▸ **Records from a data collection**
"""

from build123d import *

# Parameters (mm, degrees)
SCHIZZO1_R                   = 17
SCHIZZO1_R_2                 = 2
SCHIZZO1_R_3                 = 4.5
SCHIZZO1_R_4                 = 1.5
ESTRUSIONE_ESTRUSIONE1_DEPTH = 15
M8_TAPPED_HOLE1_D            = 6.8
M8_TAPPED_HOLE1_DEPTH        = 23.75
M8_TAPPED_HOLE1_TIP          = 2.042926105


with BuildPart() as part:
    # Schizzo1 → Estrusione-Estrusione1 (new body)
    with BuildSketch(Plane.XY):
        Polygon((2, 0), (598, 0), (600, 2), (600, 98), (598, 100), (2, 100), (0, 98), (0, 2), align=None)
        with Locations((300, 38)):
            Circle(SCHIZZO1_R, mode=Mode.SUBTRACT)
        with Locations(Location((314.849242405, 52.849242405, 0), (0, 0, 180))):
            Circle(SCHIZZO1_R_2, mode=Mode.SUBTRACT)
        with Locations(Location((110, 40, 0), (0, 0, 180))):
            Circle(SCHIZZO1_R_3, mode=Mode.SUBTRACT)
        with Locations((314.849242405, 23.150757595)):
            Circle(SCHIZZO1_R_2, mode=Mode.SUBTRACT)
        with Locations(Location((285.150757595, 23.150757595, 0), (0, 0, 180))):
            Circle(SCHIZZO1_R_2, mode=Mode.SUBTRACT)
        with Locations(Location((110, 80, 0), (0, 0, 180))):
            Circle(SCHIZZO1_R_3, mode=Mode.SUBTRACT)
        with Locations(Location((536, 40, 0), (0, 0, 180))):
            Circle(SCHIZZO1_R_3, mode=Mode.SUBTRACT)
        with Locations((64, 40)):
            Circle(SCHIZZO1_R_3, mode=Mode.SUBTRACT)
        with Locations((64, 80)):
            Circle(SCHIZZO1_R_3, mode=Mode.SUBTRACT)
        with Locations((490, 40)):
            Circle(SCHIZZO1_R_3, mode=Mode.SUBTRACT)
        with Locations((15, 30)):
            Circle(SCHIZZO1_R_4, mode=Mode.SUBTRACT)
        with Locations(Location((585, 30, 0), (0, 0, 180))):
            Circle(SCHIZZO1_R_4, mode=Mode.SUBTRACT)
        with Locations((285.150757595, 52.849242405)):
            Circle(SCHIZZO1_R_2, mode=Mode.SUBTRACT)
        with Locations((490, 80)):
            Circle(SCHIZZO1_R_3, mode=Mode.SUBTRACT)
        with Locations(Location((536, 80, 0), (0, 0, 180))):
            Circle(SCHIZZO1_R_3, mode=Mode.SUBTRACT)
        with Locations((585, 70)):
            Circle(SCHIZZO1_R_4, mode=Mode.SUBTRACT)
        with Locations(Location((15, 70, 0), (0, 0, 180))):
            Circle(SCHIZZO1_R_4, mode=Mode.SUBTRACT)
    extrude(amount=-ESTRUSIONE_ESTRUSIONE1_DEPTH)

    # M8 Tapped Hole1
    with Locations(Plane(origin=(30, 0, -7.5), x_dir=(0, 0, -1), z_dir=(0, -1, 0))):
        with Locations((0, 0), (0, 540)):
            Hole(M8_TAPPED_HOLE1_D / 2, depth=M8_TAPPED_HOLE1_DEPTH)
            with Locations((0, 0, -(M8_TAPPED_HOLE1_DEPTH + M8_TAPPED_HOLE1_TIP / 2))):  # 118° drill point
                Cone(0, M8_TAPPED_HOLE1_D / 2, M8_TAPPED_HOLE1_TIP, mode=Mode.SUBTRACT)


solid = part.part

"""

Scan the data above for the string "Plane". Copy every line in which it appears.

▸ **FINAL ANSWER**
    with BuildSketch(Plane.XY):
    with Locations(Plane(origin=(30, 0, -7.5), x_dir=(0, 0, -1), z_dir=(0, -1, 0))):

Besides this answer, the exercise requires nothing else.